Is it possible to reproduce Double-slit experiment by myself at home? I want to reproduce this experiment by myself. What I need for this. What parameters of slits and laser/another light source it needs? Is it possible to make DIY-detector?
 A: Absolutely, though the result does depend somewhat upon your definition of "at home".
Simply seeing the interference pattern is as simple as a laser pointer and a few narrow apertures (see the other answer(s))
People have successfully even done single-photon interference at home!
A: It's actually quite easy to perform the experiment in the comfort of your own home.  The simplest setup I have seen (as depicted in this, and other youtube videos) is to use a laser pointer and pencil lead, but you can certainly be more systematic and cut slits in some opaque material as well.
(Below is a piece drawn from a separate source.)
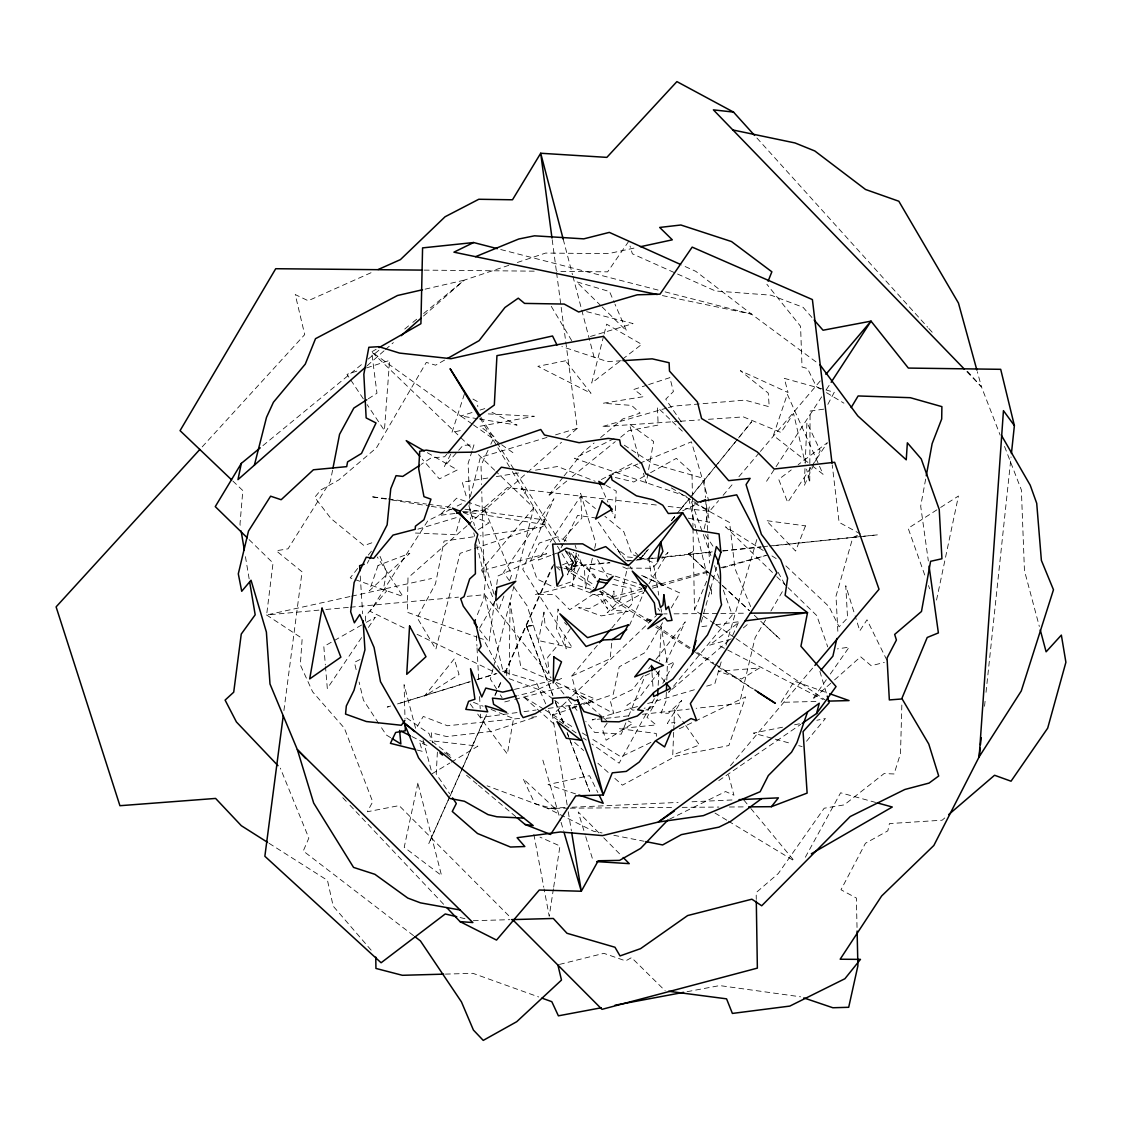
<?xml version="1.0" encoding="UTF-8"?>
<svg xmlns="http://www.w3.org/2000/svg" width="1122" height="1122" viewBox="0 0 1122 1122"><rect width="100%" height="100%" fill="white"/><g stroke="black" fill="none" stroke-linecap="round" stroke-linejoin="round"><path stroke-width="0.75" stroke-dasharray="5 3.75" d="M563.987 568.251L571.869 570.032L572.038 560.93L560.79 543.188M901.836 705.023L900.503 753.535L894.08 773.97L884.094 773.577L844.263 804.867L824.179 808.233L778.289 873.533L756.172 892.565L756.27 899.437M365.463 621.097L365.646 615.908L386.557 591.112L383.71 587.395L386.641 572.178L379.348 554.731M666.342 692.302L666.019 701.054L661.054 712.989L668.277 713.326L681.713 700.535L667.338 723.438L674.953 722.414L673.004 727.014M666.805 680.044L667.38 664.28L661.265 626.637L659.441 661.181M506.892 670.535L506.667 676.103L505.994 670.577L506.892 670.535L503.568 671.559M673.677 732.273L672.751 754.896L699.469 744.994L685.542 725.191M673.747 730.52L674.588 709.637L684.546 723.774M804.979 468.575L804.25 485.644L820.168 450.553L806.928 422.461L805.049 466.864M437.384 752.105L436.234 773.998L449.627 793.661M658.179 685.36L658.993 669.806M575.235 566.54L576.203 552.95L573.047 566.217L609.975 562.907M611.714 643.201L610.144 658.754L571.757 676.075L577.521 697.828M984.541 706.271L985.284 699.287M986.028 692.316L1011.048 456.991M283.908 710.577L302.056 571.827L276.236 550.776L288.045 548.812L330.401 481.366L332.687 469.599M494.493 601.434L489.08 642.093L479.473 629.765M496.751 584.492L497.873 576.021L546.709 553.721L486.205 569.429L483.778 598.629L476.051 618.054M553.412 888.806L549.219 916.225L544.1 888.947M553.679 887.095L559.976 845.974L540.005 837.124M925.65 479.108L920.685 506.134L928.343 560.972M936.533 600.074L958.454 496.008L938.343 508.911M592.36 558.293L585.446 588.335L584.38 567.409L573.37 552.305M594.66 548.293L595.81 543.286L580.579 493.259L581.855 518.154L563.356 538.574L565.362 541.323M704.181 528.771L709.889 504.507M492.965 668.936L490.384 679.105L496.667 689.09M493.4 667.239L514.016 585.852M515.727 579.078L533.763 507.859L496.064 471.577M603.636 335.941L591.701 383.065L641.7 344.356L606.623 324.16L604.057 334.258M470.356 496.569L480.384 457.341L547.199 437.356M701.236 622.177L716.663 567.269M460.202 517.971L455.448 534.731L413.12 532.936M721.18 661.924L714.826 683.747L704.742 686.72M726.074 645.15L757.336 537.761M472.039 451.072L468.098 463.484L469.599 498.336M472.53 449.529L474.003 444.873L463.063 445.336L458.688 450.287M464.354 394.173L451.97 432.433L463.26 429.936M613.958 599.26L611.897 597.1L613.944 590.943L613.958 599.26L642.443 591.056M503.918 596.034L498.603 610.522L496.247 602.191M509.823 579.948L511.604 575.109L484.003 507.747L507.495 487.551L659.484 505.391M625.866 722.834L621.223 734.181L594.534 732.357L585.824 721.46M628.516 716.341L645.108 675.781L651.307 672.849M701.643 614.926L694.476 610.003L706.678 581.182M629.442 625.487L643.79 592.64M460.707 771.936L428.716 843.744L462.306 768.71M461.408 770.337L486.303 714.49M494.83 695.331L501.941 679.385M504.774 673.004L552.417 566.091M463.021 767.111L486.597 714.433M495.181 695.275L502.333 679.315M505.18 672.92L553.791 564.366M488.028 450.273L481.015 465.35L481.562 484.578M490.833 444.242L494.339 436.696L479.921 426.262L534.296 416.262L485.503 413.766M665.935 662.359L685.247 621.854L654.056 661.91M561.084 547.788L563.44 543.146M564.24 541.603L577.648 515.349L595.403 517.943L622.205 556.624M367.329 563.272L368.914 560.201M450.735 454.214L444.466 466.359L457.594 451.521M827.84 404.369L834.263 392.265L825.932 389.951M654.407 698.683L619.134 763.17L591.995 744.082M662.807 683.326L674.56 661.826L665.262 666.23M805.358 857.222L840.616 792.777L875.609 802.426M479.641 628.124L494.69 601.855M657.45 699.174L647.015 717.309L656.09 724.924L619.218 728.655L656.3 733.479L656.37 736.635M544.549 519.907L539.78 528.182L545.362 524.745L544.549 519.907L464.676 509.192M662.569 622.752L645.206 652.499L619.204 666.833L613.215 694.406L583.636 704.462M671.237 607.872L679.918 592.991L640.269 574.843M765.611 619.919L755.12 637.647L739.482 703.48L696.159 708.305M770.87 611.055L783.983 588.896M649.007 583.749L668.025 552.445L661.882 558.532M766.564 481.254L775.106 468.155M776.059 466.696L821.655 396.837M826.395 389.558L830.196 383.724M570.453 628.657L564.043 638.39L566.189 648.839L556.554 628.699L558.013 608.937L558.91 613.327M810.897 467.481L787.686 502.432L778.724 479.36L791.22 469.936M811.865 466.023L827.349 442.727L798.177 464.704M361.565 637.605L327.315 688.459L325.492 666.636M368.423 627.436L375.267 617.268L363.163 624.141M628.657 241.426L607.633 271.847L556.975 271.37M607.1 723.213L602.598 729.651L606.146 740.211L632.85 723.325L628.236 720.955M826.339 679.708L812.44 699.539L833.267 681.054M830.308 674.042L849.172 647.128L837.335 648.909M659.666 670.69L639.778 697.057L626.805 705.317L632.864 710.212L636.09 709.651M643.299 675.725L632.542 689.553L610.102 700.226L613.832 713.578L575.46 692.905L601.49 716.117M648.67 668.824L652.976 663.298M562.978 477.341L547.915 496.373L566.778 481.043M564.057 475.98L582.346 452.867L594.099 443.008M357.652 568.475L350.204 577.858L353.5 579.022M368.311 555.067L372.56 549.71M645.164 553.244L639.75 559.429L643.032 555.376M646.272 551.884L648.46 549.177M671.545 520.692L675.935 515.264M680.325 509.851L691.32 496.289M692.414 494.928L716.593 465.083M717.687 463.737L737.477 439.319M738.571 437.959L751.754 421.69L736.383 440.595M644.14 554.03L647.436 549.976M671.587 520.271L675.977 514.858M677.085 513.511L689.16 498.659M690.254 497.312L714.419 467.608M715.513 466.247L735.289 441.942M806.536 741.235L825.413 718.529L816.844 720.268M571.757 676.075L597.297 645.416M611.742 628.096L632.836 602.78L630.901 588.208L609.064 583.706M446.851 454.158L444.663 456.752L431.002 457.958L421.115 464.424M533.763 507.859L481.562 570.046L493.385 598.671M730.478 765.653L813.759 666.777M668.123 506.401L709.567 511.267L718.599 500.636M723.115 495.321L734.405 482.025M738.921 476.696L759.257 452.769M760.379 451.437L822.482 378.31M568.573 571.575L577.353 561.323L565.825 566.512L568.573 571.575L593.678 587.563M202.198 446.865L304.707 334.608L295.254 294.595L308.185 300.738L371.803 272.38M656.973 563.384L652.078 568.251L627.254 568.097L620.536 599.513L607.142 612.78L643.579 592.682M567.143 804.895L552.403 715.079L571.238 697.057M572.486 695.85L656.594 615.333M834.572 679.89L860.616 656.777L871.219 665.725L884.318 662.443M467.033 525.727L407.987 577.886L407.314 612.275L477.032 637.1M468.351 524.563L526.092 473.568M527.396 472.418L561.519 442.278M566.764 437.636L577.255 428.366L565.769 341.859M367.146 365.73L384.187 350.695M385.491 349.545L393.359 342.603M423.513 316.025L464.143 280.191L509.009 265.255M728.977 640.311L668.586 692.274L732.301 614.968L722.231 587.03M743.409 627.885L749.973 622.233M944.766 817.952L942.143 820.21L889.423 823.576L887.811 830.869L865.441 843.253L841.009 889.76L856.367 898.049L857.026 927.585M600.621 437.538L622.808 418.913L640.129 413.134L631.63 405.407L603.173 403.247L643.439 396.669L633.944 389.418L647.001 385.141M262.927 445.63L362.855 363.472M368.268 359.026L380.414 349.026M404.733 329.041L411.479 323.487M412.826 322.379L416.879 319.055M423.639 313.501L464.143 280.191L424.158 289.378M572.164 476.654L615.277 441.619M620.676 437.243L628.755 430.68L658.151 425.07L657.45 407.356L682.485 431.311M688.936 554.506L693.382 551.154L688.459 553.749L710.717 574.759M718.781 780.603L800.757 724.363M368.282 398.801L376.964 393.233L371.648 351.845L376.122 349.293M936.912 509.837L908.175 528.28L925.58 577.381M432.166 773.703L449.866 763.03M451.339 762.133L477.888 746.13L429.908 740.59M361.649 624.996L323.823 646.496L325.352 664.967M444.578 360.106L435.588 365.183L426.304 362.406L376.487 447.804L338.886 479.865L320.822 489.991L314.735 497.355L330.962 518.532L363.991 545.601L374.047 542.038M644.477 476.079L633.846 481.997L610.663 476.359M650.55 472.699L676.37 458.351L691.994 472.572L692.4 495.195M601.336 479.543L610.452 474.774M611.967 473.975L631.714 463.652L640.536 469.038M450.988 509.136L427.833 520.748L370.106 611.35L406.122 628.951M457.173 506.036L464.901 502.165M359.994 659.54L354.398 662.345L356.361 670.563M614.071 438.562L574.464 458.337L688.249 496.948M669.553 819.158L725.597 791.543L733.928 795.218L728.388 774.461M682.611 510.833L697.688 503.427M650.928 742.413L620.943 756.831L589.751 737.561M679.329 728.767L693.536 721.937M695.121 721.18L745.611 696.902L728.865 745.527L675.921 756.088L622.444 785.176L613.397 777.097M550.902 683.396L532.81 691.881L517.957 695.556M556.947 680.577L561.463 678.459L553.062 680.409M857.418 535.376L852.846 537.466L836.002 596.161L837.966 633.692M645.879 710.086L653.831 706.509L644.154 708.22M609.008 475.966L638.095 463.905M639.708 463.246L691.433 441.816L708.908 501.211M562.473 564.857L572.038 560.93M572.038 707.856L594.73 698.838L552.978 681.096M550.86 555.348L538.294 560.046L580.509 496.443L595.389 508.561M552.431 554.759L557.143 553.006M557.55 586.483L572.893 581.238L581.448 563.763L578.307 554.548M552.403 715.079L570.481 708.936M572.122 708.375L577.059 706.706M517.326 262.492L545.572 253.081L608.517 253.614L637.058 247.443M356.838 371.116L346.993 374.355L349.882 378.675M366.67 367.89L389.615 360.358L384.411 430.525L367.146 404.593M648.628 384.594L669.862 377.637L673.41 391.55L665.739 399.152L682.106 423.12M472.011 412.545L460.791 415.996L371.648 351.845L459.613 436.514M480.02 410.077L484.83 408.59M469.192 681.881L397.272 703.999L470.328 681.699M477.551 679.315L495.952 673.663M502.642 671.601L505.994 670.577M476.976 679.68L496.92 673.579M590.467 336.446L633.088 323.585L585.782 311.439M417.875 529.177L459.024 516.793M555.544 434.859L577.255 428.366M637.534 706.523L592.178 719.889L630.298 715.64M647.618 703.55L696.341 689.188M666.734 408.057L602.009 426.655L678.796 421.353M668.389 407.581L673.368 406.15L744.896 400.119L769.229 406.767L768.247 393.093L740.338 370.681L788.037 392.504L784.292 378.338L824.277 389.474M652.485 588.166L707.758 572.248M722.834 567.914L766.382 555.376L717.687 568.503M611.897 597.1L642.121 588.938M652.205 586.203L707.617 571.238M504.746 701.923L513.091 699.805M514.76 699.385L564.885 686.664L593.314 702.358L581.182 703.985M559.499 964.415L603.874 953.335L625.655 960.895L631.546 957.613L665.178 990.81M514.423 689.399L551.379 680.802M349.924 596.567L266.615 614.996L273.039 563.006L248.453 539.009M351.621 596.189L431.535 578.517M782.539 727.21L753.381 733.115L773.535 738.683M794.544 724.784L801.403 723.395M526.456 626.777L534.226 625.291L526.316 625.515L552.711 695.233M687.071 991.694L719.665 985.579L800.603 996.813M487.804 478.014L462.25 482.236L466.976 498.897M496.317 476.612L520.159 472.685M535.489 470.146L557.634 466.5L595.221 481.31M473.33 536.835L444.06 541.099L435.504 583.805L417.174 617.703L435.855 649.273L460.062 553.342L537.045 527.564L480.216 535.839M823.716 409.151L810.098 411.073L809.733 482.656L806.578 469.15M517.06 712.568L480.679 717.449L480.314 710.492M524.002 711.643L536.12 710.016M548.251 708.389L579.443 704.223M701.881 626.609L708.809 625.697M715.738 624.786L741.712 621.35M454.887 513.497L439.628 515.349L456.64 498.168L466.275 501.534M463.358 512.473L488.785 509.416L467.888 502.095M642.429 714.293L689.231 709.076M627.352 561.084L634.295 560.355M636.034 560.173L649.933 558.714M651.672 558.532L660.367 557.62M662.106 557.438L712.484 552.15M722.905 551.056L761.137 547.059M773.296 545.783L877.544 534.843L769.664 545.965M573.047 566.217L609.597 562.445M625.249 560.832L630.466 560.299M637.436 559.583L646.132 558.686M647.871 558.504L656.566 557.606M658.305 557.424L712.246 551.87M722.68 550.804L760.968 546.863M762.708 546.68L767.925 546.134M519.598 718.417L447.468 725.752L423.289 716.439L415.757 728.963L404.088 684.686L405.014 718.837M531.618 717.196L536.765 716.678L491.997 731.292L446.822 736.593L431.283 732.778L432.208 741.53L450.343 755.387L444.214 752.778M318.943 610.13L266.615 614.996L302.183 638.418L300.317 664.841L312.631 691.825L344.37 728.178L372.714 801.795L367.329 811.753L399.137 805.61L510.468 917.431M325.913 609.484L348.591 607.367M350.345 607.212L458.477 597.142M467.201 596.343L484.648 594.716L551.014 677.842M680.535 421.227L699.735 419.909M708.459 419.305L743.367 416.893L781.024 432.475L793.549 413.415L805.007 462.39M621.279 360.751L607.521 361.607L561.87 346.572M564.983 807.559L547.592 808.345L487.088 785.821M571.954 807.237L678.109 802.426M692.022 801.781L733.788 799.888M473.288 920.699L509.809 919.675M445.42 974.106L472.965 973.335L538.672 996.953M815.932 701.446L781.066 702.358L794.306 681.152L828.106 693.158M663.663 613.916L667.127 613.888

I would encourage you to experiment to answer the question of how far apart the slits need to be etc., but some basic math behind this is as follows:  If the slits are a distance $d$ apart, if the light has wavelength $\lambda$, and if the distance between the slits and the screen is $L$, then the spacing $\Delta y$ between successive fringes on the wall will approximately be
$$
  \Delta y \approx \frac{\lambda L}{d}
$$
So let's say the laser is red so that $\lambda\approx 700 \mathrm{nm}$,  the slits are $1\,\mathrm{mm}$ apart, and the screen is $1.5\,\mathrm m$ away from the slits, then we have
$$
  \Delta y \approx \frac{(700\,\mathrm{nm})(1.5\,\mathrm{m})}{1\,\mathrm{mm}} = 1.05\,\mathrm{mm}
$$
So you can actually try this and see if your results agree! (I might actually try this myself come to think of it; thanks for the question!)
Cheers!
A: Laser pointer, nit comb, bit of cardboard from a cereal box to control the number of slits. Works perfectly!